General characteristics
- Tonnage: 186 GT
- Length: 30.91 m (101 ft 5 in) o/a; 29.26 m (96 ft 0 in) p/p;
- Beam: 6.5 m (21 ft 4 in)
- Draught: 2.29 m (7 ft 6 in)
- Depth: 2.5 m (8 ft 2 in)
- Propulsion: Steam engine (1907); 1 × 360 hp (268 kW) Burmeister & Wain Alpha 406 FLO, 6-cylinder 2-stroke diesel engine (1952);
- Speed: 13 knots (24 km/h; 15 mph)
- Capacity: Passengers:; 290 (to 1992); 220 (to 2008); 99 (from 2010);
- Crew: 3 to 6

= MS Henrik Ibsen =

20th-century passenger ship

MS Henrik Ibsen is a historic Norwegian diesel-powered ship built in 1907. Together with MS Victoria, it sails on the Telemark Canal in Norway between Skien and Dalen in the summer. The ship was built by Eriksbergs Mekaniska Verkstad in Gothenburg, Sweden in 1907 and named SS Styrsö. The ship was operated in the Gothenburg archipelago until 1970, and after that she was used as charter ship. It is named after Henrik Ibsen.

After being adapted to canal traffic, the ship arrived at Telemark Canal in 1992. She was renamed MS Henrik Ibsen after the former steamship SS Henrik Ibsen, which also operated on the Telemark Canal from 1907 to 1919. From 1999 until 2010 the ship was owned and operated by Skien Dalen Skipsselskap AS.

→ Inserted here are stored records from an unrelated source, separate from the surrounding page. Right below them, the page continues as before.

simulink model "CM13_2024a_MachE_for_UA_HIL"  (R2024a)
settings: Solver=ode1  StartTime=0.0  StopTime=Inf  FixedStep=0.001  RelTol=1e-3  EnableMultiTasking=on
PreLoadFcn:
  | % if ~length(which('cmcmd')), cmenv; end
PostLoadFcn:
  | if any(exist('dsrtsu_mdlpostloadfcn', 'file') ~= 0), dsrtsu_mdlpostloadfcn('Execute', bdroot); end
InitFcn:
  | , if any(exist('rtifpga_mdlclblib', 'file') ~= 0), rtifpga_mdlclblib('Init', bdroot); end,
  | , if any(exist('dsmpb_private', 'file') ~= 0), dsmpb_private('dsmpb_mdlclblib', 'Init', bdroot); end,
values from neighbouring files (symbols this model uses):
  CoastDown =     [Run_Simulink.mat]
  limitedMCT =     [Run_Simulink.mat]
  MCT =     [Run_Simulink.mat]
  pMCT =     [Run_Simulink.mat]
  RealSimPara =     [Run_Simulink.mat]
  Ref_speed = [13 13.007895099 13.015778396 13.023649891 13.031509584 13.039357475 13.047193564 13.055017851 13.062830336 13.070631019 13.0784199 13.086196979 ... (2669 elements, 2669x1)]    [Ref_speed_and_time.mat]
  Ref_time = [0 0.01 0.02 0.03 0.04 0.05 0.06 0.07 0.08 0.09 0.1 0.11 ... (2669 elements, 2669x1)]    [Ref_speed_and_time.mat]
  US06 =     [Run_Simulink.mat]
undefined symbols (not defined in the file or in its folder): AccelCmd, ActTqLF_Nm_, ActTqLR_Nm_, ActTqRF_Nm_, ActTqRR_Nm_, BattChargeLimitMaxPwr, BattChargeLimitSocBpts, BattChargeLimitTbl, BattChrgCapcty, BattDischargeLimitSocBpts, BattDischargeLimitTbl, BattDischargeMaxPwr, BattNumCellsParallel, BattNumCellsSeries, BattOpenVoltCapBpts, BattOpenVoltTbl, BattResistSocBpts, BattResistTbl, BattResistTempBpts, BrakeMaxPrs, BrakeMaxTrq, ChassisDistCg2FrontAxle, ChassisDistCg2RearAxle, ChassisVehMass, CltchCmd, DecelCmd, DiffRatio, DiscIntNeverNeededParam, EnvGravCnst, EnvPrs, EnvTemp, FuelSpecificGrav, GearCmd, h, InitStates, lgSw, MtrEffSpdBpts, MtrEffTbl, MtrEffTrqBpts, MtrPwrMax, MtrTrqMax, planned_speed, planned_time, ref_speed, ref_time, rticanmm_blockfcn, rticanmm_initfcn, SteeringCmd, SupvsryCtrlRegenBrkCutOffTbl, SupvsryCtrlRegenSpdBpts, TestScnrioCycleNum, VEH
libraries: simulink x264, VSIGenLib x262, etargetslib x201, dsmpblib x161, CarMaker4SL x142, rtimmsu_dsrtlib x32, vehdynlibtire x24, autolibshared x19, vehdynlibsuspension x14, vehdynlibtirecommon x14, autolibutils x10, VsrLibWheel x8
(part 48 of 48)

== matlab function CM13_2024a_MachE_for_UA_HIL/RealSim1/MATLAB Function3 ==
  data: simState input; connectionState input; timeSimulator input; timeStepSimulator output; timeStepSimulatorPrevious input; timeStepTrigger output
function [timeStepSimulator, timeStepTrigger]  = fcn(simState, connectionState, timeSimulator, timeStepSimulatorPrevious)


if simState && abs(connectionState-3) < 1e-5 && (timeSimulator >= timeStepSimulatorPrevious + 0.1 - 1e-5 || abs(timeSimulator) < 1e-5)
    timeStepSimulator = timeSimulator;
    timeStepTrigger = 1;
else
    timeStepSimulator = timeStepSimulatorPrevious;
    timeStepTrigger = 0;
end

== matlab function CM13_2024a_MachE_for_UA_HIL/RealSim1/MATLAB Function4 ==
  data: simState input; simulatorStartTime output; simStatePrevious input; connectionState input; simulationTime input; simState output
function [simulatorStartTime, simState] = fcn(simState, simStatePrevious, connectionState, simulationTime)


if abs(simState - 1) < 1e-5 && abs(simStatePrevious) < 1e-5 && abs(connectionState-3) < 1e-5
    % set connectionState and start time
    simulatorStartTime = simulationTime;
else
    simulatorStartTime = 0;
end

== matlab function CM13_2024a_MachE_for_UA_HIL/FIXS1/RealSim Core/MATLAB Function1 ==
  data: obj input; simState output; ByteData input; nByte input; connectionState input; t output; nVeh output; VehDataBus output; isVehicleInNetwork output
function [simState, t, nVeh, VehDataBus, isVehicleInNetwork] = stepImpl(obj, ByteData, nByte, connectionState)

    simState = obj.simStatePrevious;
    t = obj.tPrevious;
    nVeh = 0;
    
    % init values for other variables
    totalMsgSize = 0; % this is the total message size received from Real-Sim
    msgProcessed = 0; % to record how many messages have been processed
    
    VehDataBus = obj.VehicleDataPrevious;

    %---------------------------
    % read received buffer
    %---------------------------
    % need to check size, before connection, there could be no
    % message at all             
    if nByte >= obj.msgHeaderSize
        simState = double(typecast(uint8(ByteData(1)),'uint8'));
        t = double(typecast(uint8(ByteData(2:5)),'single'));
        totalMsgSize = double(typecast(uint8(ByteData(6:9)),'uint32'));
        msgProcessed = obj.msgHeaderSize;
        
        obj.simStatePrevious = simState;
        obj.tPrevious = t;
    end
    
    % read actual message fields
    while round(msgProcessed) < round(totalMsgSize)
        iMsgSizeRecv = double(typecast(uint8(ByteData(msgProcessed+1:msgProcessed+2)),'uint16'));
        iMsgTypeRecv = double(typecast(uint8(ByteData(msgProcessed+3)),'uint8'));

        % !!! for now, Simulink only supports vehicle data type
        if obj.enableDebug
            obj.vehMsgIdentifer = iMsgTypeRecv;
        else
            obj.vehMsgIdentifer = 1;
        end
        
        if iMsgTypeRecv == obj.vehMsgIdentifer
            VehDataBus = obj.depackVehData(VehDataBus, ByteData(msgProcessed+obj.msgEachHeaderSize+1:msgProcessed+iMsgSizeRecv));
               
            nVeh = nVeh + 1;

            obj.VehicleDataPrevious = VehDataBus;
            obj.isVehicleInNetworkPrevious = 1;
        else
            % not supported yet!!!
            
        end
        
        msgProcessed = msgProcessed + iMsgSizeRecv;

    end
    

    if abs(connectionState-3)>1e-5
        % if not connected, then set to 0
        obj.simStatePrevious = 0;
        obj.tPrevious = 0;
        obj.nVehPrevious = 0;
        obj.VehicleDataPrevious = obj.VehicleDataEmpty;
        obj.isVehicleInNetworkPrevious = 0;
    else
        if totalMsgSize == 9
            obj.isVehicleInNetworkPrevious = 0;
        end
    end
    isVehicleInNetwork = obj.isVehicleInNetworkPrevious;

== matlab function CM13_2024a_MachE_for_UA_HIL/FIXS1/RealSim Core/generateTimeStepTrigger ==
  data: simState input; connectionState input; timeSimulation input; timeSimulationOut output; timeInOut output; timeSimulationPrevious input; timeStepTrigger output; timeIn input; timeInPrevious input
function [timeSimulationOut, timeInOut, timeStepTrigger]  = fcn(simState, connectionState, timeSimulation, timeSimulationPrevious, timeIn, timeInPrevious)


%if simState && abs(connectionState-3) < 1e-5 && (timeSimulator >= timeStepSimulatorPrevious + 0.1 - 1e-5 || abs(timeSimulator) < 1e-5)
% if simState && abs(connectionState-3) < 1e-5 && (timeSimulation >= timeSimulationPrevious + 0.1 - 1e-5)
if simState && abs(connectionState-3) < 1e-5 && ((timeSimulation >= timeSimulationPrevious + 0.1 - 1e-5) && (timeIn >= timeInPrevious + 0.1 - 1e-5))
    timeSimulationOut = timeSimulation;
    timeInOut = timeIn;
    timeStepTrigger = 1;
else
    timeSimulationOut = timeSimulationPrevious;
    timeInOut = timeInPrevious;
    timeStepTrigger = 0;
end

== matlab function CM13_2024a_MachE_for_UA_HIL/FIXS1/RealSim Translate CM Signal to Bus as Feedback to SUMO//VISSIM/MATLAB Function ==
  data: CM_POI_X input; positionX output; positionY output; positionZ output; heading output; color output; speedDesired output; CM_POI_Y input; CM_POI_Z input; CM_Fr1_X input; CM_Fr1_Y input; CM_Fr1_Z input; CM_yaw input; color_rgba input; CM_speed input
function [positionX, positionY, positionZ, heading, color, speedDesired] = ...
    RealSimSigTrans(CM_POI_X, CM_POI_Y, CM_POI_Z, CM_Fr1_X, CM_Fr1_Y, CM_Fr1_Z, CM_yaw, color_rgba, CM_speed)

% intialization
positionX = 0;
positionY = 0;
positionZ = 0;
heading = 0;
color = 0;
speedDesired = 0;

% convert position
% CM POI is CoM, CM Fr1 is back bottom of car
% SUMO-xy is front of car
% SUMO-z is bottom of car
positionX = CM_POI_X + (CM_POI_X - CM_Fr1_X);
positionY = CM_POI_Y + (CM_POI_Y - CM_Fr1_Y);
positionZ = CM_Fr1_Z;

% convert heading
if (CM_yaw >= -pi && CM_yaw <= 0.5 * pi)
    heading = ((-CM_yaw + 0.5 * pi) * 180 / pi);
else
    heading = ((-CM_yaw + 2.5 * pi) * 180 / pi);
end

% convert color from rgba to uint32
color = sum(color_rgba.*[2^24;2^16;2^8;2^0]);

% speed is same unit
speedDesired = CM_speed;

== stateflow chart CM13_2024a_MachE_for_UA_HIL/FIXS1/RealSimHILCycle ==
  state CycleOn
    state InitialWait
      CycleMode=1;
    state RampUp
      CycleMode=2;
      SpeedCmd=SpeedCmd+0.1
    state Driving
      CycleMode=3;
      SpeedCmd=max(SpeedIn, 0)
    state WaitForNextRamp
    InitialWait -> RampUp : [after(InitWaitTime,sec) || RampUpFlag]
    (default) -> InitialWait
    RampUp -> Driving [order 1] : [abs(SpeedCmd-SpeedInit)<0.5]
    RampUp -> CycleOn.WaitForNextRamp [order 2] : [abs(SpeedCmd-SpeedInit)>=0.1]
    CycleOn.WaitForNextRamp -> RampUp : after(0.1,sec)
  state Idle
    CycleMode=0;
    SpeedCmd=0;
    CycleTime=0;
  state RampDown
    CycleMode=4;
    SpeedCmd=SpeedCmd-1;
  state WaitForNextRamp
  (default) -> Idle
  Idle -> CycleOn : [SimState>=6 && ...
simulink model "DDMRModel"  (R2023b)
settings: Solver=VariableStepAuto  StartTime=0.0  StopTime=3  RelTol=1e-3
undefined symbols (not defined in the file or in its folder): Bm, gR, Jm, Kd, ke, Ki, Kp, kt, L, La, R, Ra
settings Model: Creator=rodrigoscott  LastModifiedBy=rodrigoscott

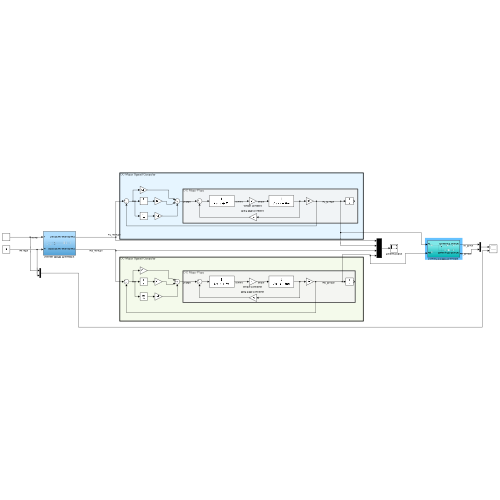
[thumbnail: Simulink's stored preview of the top-level diagram]
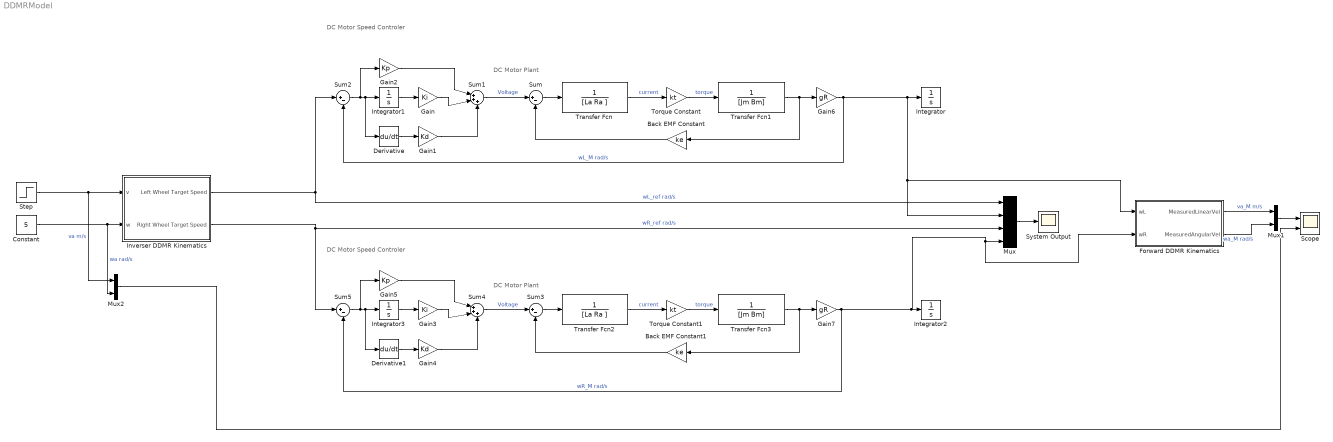
== system DDMRModel ==
  note: DC Motor Speed Controler
  note: DC Motor Plant
  note: DC Motor Plant
  note: DC Motor Speed Controler
  Back EMF Constant : Gain  Gain=ke
  Back EMF Constant1 : Gain  Gain=ke
  Constant : Constant  Value=5
  Derivative : Derivative
  Derivative1 : Derivative
  Forward DDMR Kinematics : Subsystem
  Gain : Gain  Gain=Ki
  Gain1 : Gain  Gain=Kd
  Gain2 : Gain  Gain=Kp
  Gain3 : Gain  Gain=Ki
  Gain4 : Gain  Gain=Kd
  Gain5 : Gain  Gain=Kp
  Gain6 : Gain  Gain=gR
  Gain7 : Gain  Gain=gR
  Integrator{,1..3} (4 alike) : Integrator
  Inverser DDMR Kinematics : Subsystem
  Mux : Mux
  Mux1 : Mux  Inputs=2
  Mux2 : Mux  Inputs=2
  Scope : Scope  NumInputPorts=2
  Step : Step  Time=0  SampleTime=0
  Sum{,2..3,5} (4 alike) : Sum  Inputs=|+-
  Sum1 : Sum  Inputs=|+++
  Sum4 : Sum  Inputs=|+++
  System Output : Scope
  Torque Constant : Gain  Gain=kt
  Torque Constant1 : Gain  Gain=kt
  Transfer Fcn : TransferFcn  Denominator=[La Ra ]
  Transfer Fcn1 : TransferFcn  Denominator=[Jm Bm]
  Transfer Fcn2 : TransferFcn  Denominator=[La Ra ]
  Transfer Fcn3 : TransferFcn  Denominator=[Jm Bm]
  wires:
  Sum1/1 -> Sum/1  "Voltage"
  Transfer Fcn/1 -> Torque Constant/1  "current"
  Sum/1 -> Transfer Fcn/1
  Transfer Fcn1/1 -> Back EMF Constant/1, Gain6/1
  Sum2/1 -> Gain2/1, Derivative/1, Integrator1/1
  Back EMF Constant/1 -> Sum/2
  Gain1/1 -> Sum1/3
  Torque Constant/1 -> Transfer Fcn1/1  "torque"
  Integrator1/1 -> Gain/1
  Gain/1 -> Sum1/2
  Gain2/1 -> Sum1/1
  Derivative/1 -> Gain1/1
  Transfer Fcn3/1 -> Back EMF Constant1/1, Gain7/1
  Back EMF Constant1/1 -> Sum3/2
  Transfer Fcn2/1 -> Torque Constant1/1  "current"
  Torque Constant1/1 -> Transfer Fcn3/1  "torque"
  Gain4/1 -> Sum4/3
  Sum3/1 -> Transfer Fcn2/1
  Sum5/1 -> Gain5/1, Derivative1/1, Integrator3/1
  Gain3/1 -> Sum4/2
  Gain5/1 -> Sum4/1
  Derivative1/1 -> Gain4/1
  Sum4/1 -> Sum3/1  "Voltage"
  Integrator3/1 -> Gain3/1
  Inverser DDMR Kinematics/1(Left Wheel Target Speed) -> Sum2/1, Mux/1  "wL_ref rad/s"
  Inverser DDMR Kinematics/2(Right Wheel Target Speed) -> Sum5/1, Mux/3  "wR_ref rad/s"
  Step/1 -> Mux2/1, Inverser DDMR Kinematics/1(v)  "va m/s"
  Constant/1 -> Mux2/2, Inverser DDMR Kinematics/2(w)  "wa rad/s"
  Gain6/1 -> Sum2/2, Integrator/1, Mux/2, Forward DDMR Kinematics/1(wL)  "wL_M rad/s"
  Gain7/1 -> Integrator2/1, Forward DDMR Kinematics/2(wR), Mux/4, Sum5/2  "wR_M rad/s"
  Mux/1 -> System Output/1
  Forward DDMR Kinematics/1(MeasuredLinearVel) -> Mux1/1  "va_M m/s"
  Forward DDMR Kinematics/2(MeasuredAngularVel) -> Mux1/2  "wa_M rad/s"
  Mux2/1 -> Scope/2
  Mux1/1 -> Scope/1

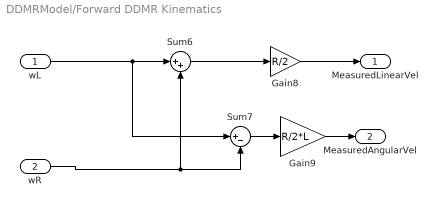
== system DDMRModel/Forward DDMR Kinematics ==
  wL : Inport
  wR : Inport  Port=2
  Gain8 : Gain  Gain=R/2
  Gain9 : Gain  Gain=R/2*L
  Sum6 : Sum  Inputs=|++
  Sum7 : Sum  Inputs=|+-
  MeasuredLinearVel : Outport
  MeasuredAngularVel : Outport  Port=2
  wires:
  Gain8/1 -> MeasuredLinearVel/1
  wR/1 -> Sum7/2, Sum6/2
  Sum7/1 -> Gain9/1
  wL/1 -> Sum7/1, Sum6/1
  Gain9/1 -> MeasuredAngularVel/1
  Sum6/1 -> Gain8/1

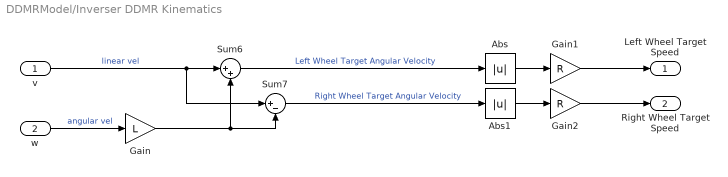
== system DDMRModel/Inverser DDMR Kinematics ==
  v : Inport
  w : Inport  Port=2
  Abs : Abs  SaturateOnIntegerOverflow=off
  Abs1 : Abs  SaturateOnIntegerOverflow=off
  Gain : Gain  Gain=L
  Gain1 : Gain  Gain=R
  Gain2 : Gain  Gain=R
  Sum6 : Sum  Inputs=|++
  Sum7 : Sum  Inputs=|+-
  Left Wheel Target Speed : Outport
  Right Wheel Target Speed : Outport  Port=2
  wires:
  v/1 -> Sum7/1, Sum6/1  "linear vel"
  Sum7/1 -> Abs1/1  "Right Wheel Target Angular Velocity"
  w/1 -> Gain/1  "angular vel"
  Sum6/1 -> Abs/1  "Left Wheel Target Angular Velocity"
  Gain/1 -> Sum7/2, Sum6/2
  Abs/1 -> Gain1/1
  Abs1/1 -> Gain2/1
  Gain1/1 -> Left Wheel Target Speed/1
  Gain2/1 -> Right Wheel Target Speed/1
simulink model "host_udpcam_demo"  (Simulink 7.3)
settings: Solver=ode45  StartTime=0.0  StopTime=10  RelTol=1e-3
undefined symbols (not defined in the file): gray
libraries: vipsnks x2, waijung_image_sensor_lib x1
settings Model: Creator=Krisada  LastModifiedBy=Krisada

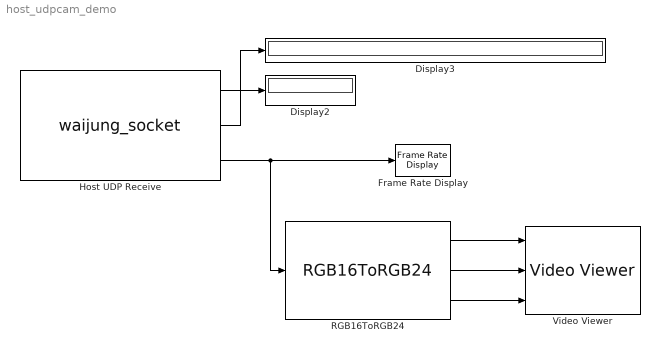
== system host_udpcam_demo ==
  Display2 : Display
  Display3 : Display
  Frame Rate Display : vipsnks/Frame Rate Display  DialogController=vipDDGCreate  DialogControllerArgs=DataTag0  UpdateRate=10
  Host UDP Receive : S-Function  FunctionName=waijung_socket  Parameters=conf,inputporttype,inputportwidth,outputporttype,outputportwidth,address,port,optionstring,sampletime,blockid,options  EnableBusSupport=off  mask(waijung_socket){conf=HostReceive, protocol=UDP, port=7, netadapter=Intel(R) 82579LM Gigabit Network Connection, address=0.0.0.0, echo=off, transfer=Blocking, timeout=5, datasource=BufferStream, datatype=uint16, datacount=120*160, porttype_double=0, porttype_single=0, porttype_int8=0, porttype_uint8=0, porttype_int16=0, porttype_uint16=0, porttype_int32=0, porttype_uint32=1, portpinstr=0, sampletime=0.0001, blockid=HostUDPReceive, inputporttype=[], inputportwidth=[], inputportlabel={}, outputporttype=[5,3,5], outputportwidth=[1,4,19200], outputportlabel={'Remote Port','Remote IP(1:4)','Data(1:19200)'}, compat=0, optionstring=[], options=[7,2,1,5000,1]}
      mask prompts: conf "Configuration"; netadapter "Host Network Adapter"; echo "Echo (Return the receiving data back to sender)"; timeout "Timeout (Seconds)"; datasource "Data"; datatype "Data type"; datacount "Port width"; porttype_double "Number of data port, type DOUBLE"; porttype_single "Number of data port, type SINGLE"; porttype_int8 "Number of data port, type INT8"; porttype_uint8 "Number of data port, type UINT8"; porttype_int16 "Number of data port, type INT16"; porttype_uint16 "Number of data port, type UINT16"; porttype_int32 "Number of data port, type INT32"; porttype_uint32 "Number of data port, type UINT32"; portpinstr "Port Pin String"; sampletime "Sample time (sec)"; blockid "Block ID"; inputporttype "Input Port Type"; inputportwidth "Input Port Width"; inputportlabel "Input Port Label"; outputporttype "Output Port Type"; outputportwidth "Output Port Width"; outputportlabel "Output port label"; compat "Compatibility (Reserved for future use)"; optionstring "String(s) to be passed to TLC"; options "Sim options"
      mask help:
      | Port:
      |  - Port number to open for data receive.
      | Transfer:
      |  - Blocking: CPU is blocked durring wait for data.
      | Timeout:
      |  - Timeout in seconds for wait for data.
      mask init:
      | waijung_socket_callback('init');
      mask Help: web(fullfile(waijungdocroot,'waijung_socket_host_udp_receive.htm'), '-browser')
      mask StyleString: popup(HostSend|HostReceive|TargetSend|TargetReceive),popup(TCP|UDP),edit,popup(Intel(R) 82579LM Gigabit Network Connection),edit,checkbox,popup(Blocking|Non-blocking),edit,popup(Ports|Vector|BufferStream),popup(double|single|int8|uint8|int16|uint16|int32|uint32),edit,edit,edit,edit,edit,edit,edit,edit,edit,edit,edit,edit,edit,edit,edit,edit,edit,edit,edit,edit,edit
      mask CallbackString: waijung_socket_callback('conf');|||waijung_socket_callback('netadapter');|||||waijung_socket_callback('datasource');|||waijung_socket_callback('datatype');|waijung_socket_callback('datatype');|waijung_socket_callback('datatype');|waijung_socket_callback('datatype');|waijung_socket_callback('datatype');|waijung_socket_callback('datatype');|waijung_socket_callback('datatype');|waijung_socket_callback('datatype');||waijung_socket_callback('sampletime');|waijung_socket_callback('blockid');|||||||||
      mask Display: text(0.05, 0.5, '[Host UDP Receive]\nPort: 7\nTs (sec): 0.0001','ver','middle','hor','left'); port_label('output', 1,'Remote Port'); port_label('output', 2,'Remote IP(1:4)'); port_label('output', 3,'Data(1:19200)');
  RGB16ToRGB24 : waijung_image_sensor_lib/RGB16ToRGB24  conf=RGB16ToRGB24  column=120  row=160  inputalignment=RGB  outputalignment=BGR  colorseparate=on  simparams=[0 160 0 1]  portpinstr=0  sampletime=-1  blockid=RGB16ToRGB24  inputporttype=[5]  inputportwidth=[19200]  inputportlabel={'Input'}  outputporttype="[3  3 3]"  outputportwidth=[120 120 120]  outputportlabel={'B','G','R'}  compat=0  optionstring=[]
  Video Viewer : vipsnks/Video Viewer  DialogControllerArgs=DataTag2  inputType=Obsolete7b  imagePorts=Separate color signals  useColorMap=off  colormapValue=gray(256)  specRange=off  minInputVal=0  maxInputVal=255  FigPos=[428 938 475 382]  AxisZoom=on  trueSizedOnce=off  OpenAtMdlStart=on
  wires:
  Host UDP Receive/3 -> RGB16ToRGB24/1, Frame Rate Display/1
  Host UDP Receive/1 -> Display2/1
  Host UDP Receive/2 -> Display3/1
  RGB16ToRGB24/2 -> Video Viewer/2
  RGB16ToRGB24/3 -> Video Viewer/3
  RGB16ToRGB24/1 -> Video Viewer/1
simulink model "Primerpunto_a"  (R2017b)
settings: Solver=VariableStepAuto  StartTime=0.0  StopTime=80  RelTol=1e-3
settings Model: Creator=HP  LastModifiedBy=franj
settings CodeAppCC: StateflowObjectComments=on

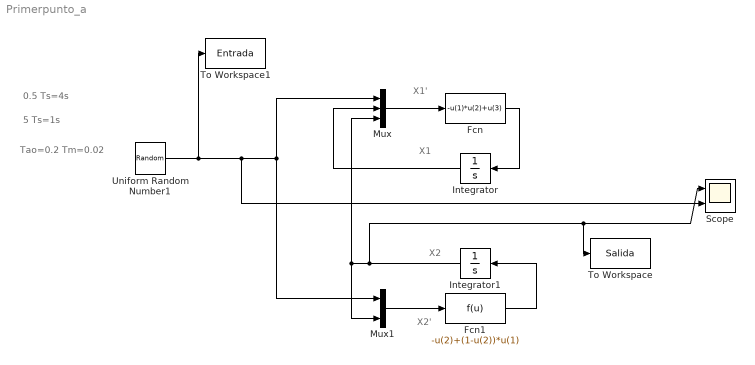
== system Primerpunto_a ==
  note: Tao=0.2
      | Tm=0.02
  note: 5 Ts=1s
  note: 0.5 Ts=4s
  note: X2'
  note: X2
  note: X1
  note: X1'
  Fcn : Fcn  Expr=-u(1)*u(2)+u(3)
  Fcn1 : Fcn  Expr=-u(2)+(1-u(2))*u(1)
  Integrator : Integrator
  Integrator1 : Integrator
  Mux : Mux  Inputs=3
  Mux1 : Mux  Inputs=2
  Scope : Scope  NumInputPorts=2
  To Workspace : ToWorkspace  VariableName=Salida  SampleTime=0.02
  To Workspace1 : ToWorkspace  VariableName=Entrada  SampleTime=0.02
  Uniform Random Number1 : UniformRandomNumber  Minimum=0  Maximum=5  SampleTime=4
  wires:
  Fcn/1 -> Integrator/1
  Fcn1/1 -> Integrator1/1
  Mux/1 -> Fcn/1
  Uniform Random Number1/1 -> To Workspace1/1, Scope/2, Mux/1, Mux1/1
  Integrator/1 -> Mux/2
  Integrator1/1 -> To Workspace/1, Scope/1, Mux1/2, Mux/3
  Mux1/1 -> Fcn1/1

The ship was thereafter sold to the Telemarkskanalen Skipsselskap AS, owned by Thor Morten Halvorsen, who also owns Dalen Hotel. Upgrading of the ship was carried out at the Hansen & Arntzen shipyard in Stathelle and by boatbuilder Geir Røvik in Tønsberg. After a complete restoration new operations on the Telemark Canal began in mid-2010.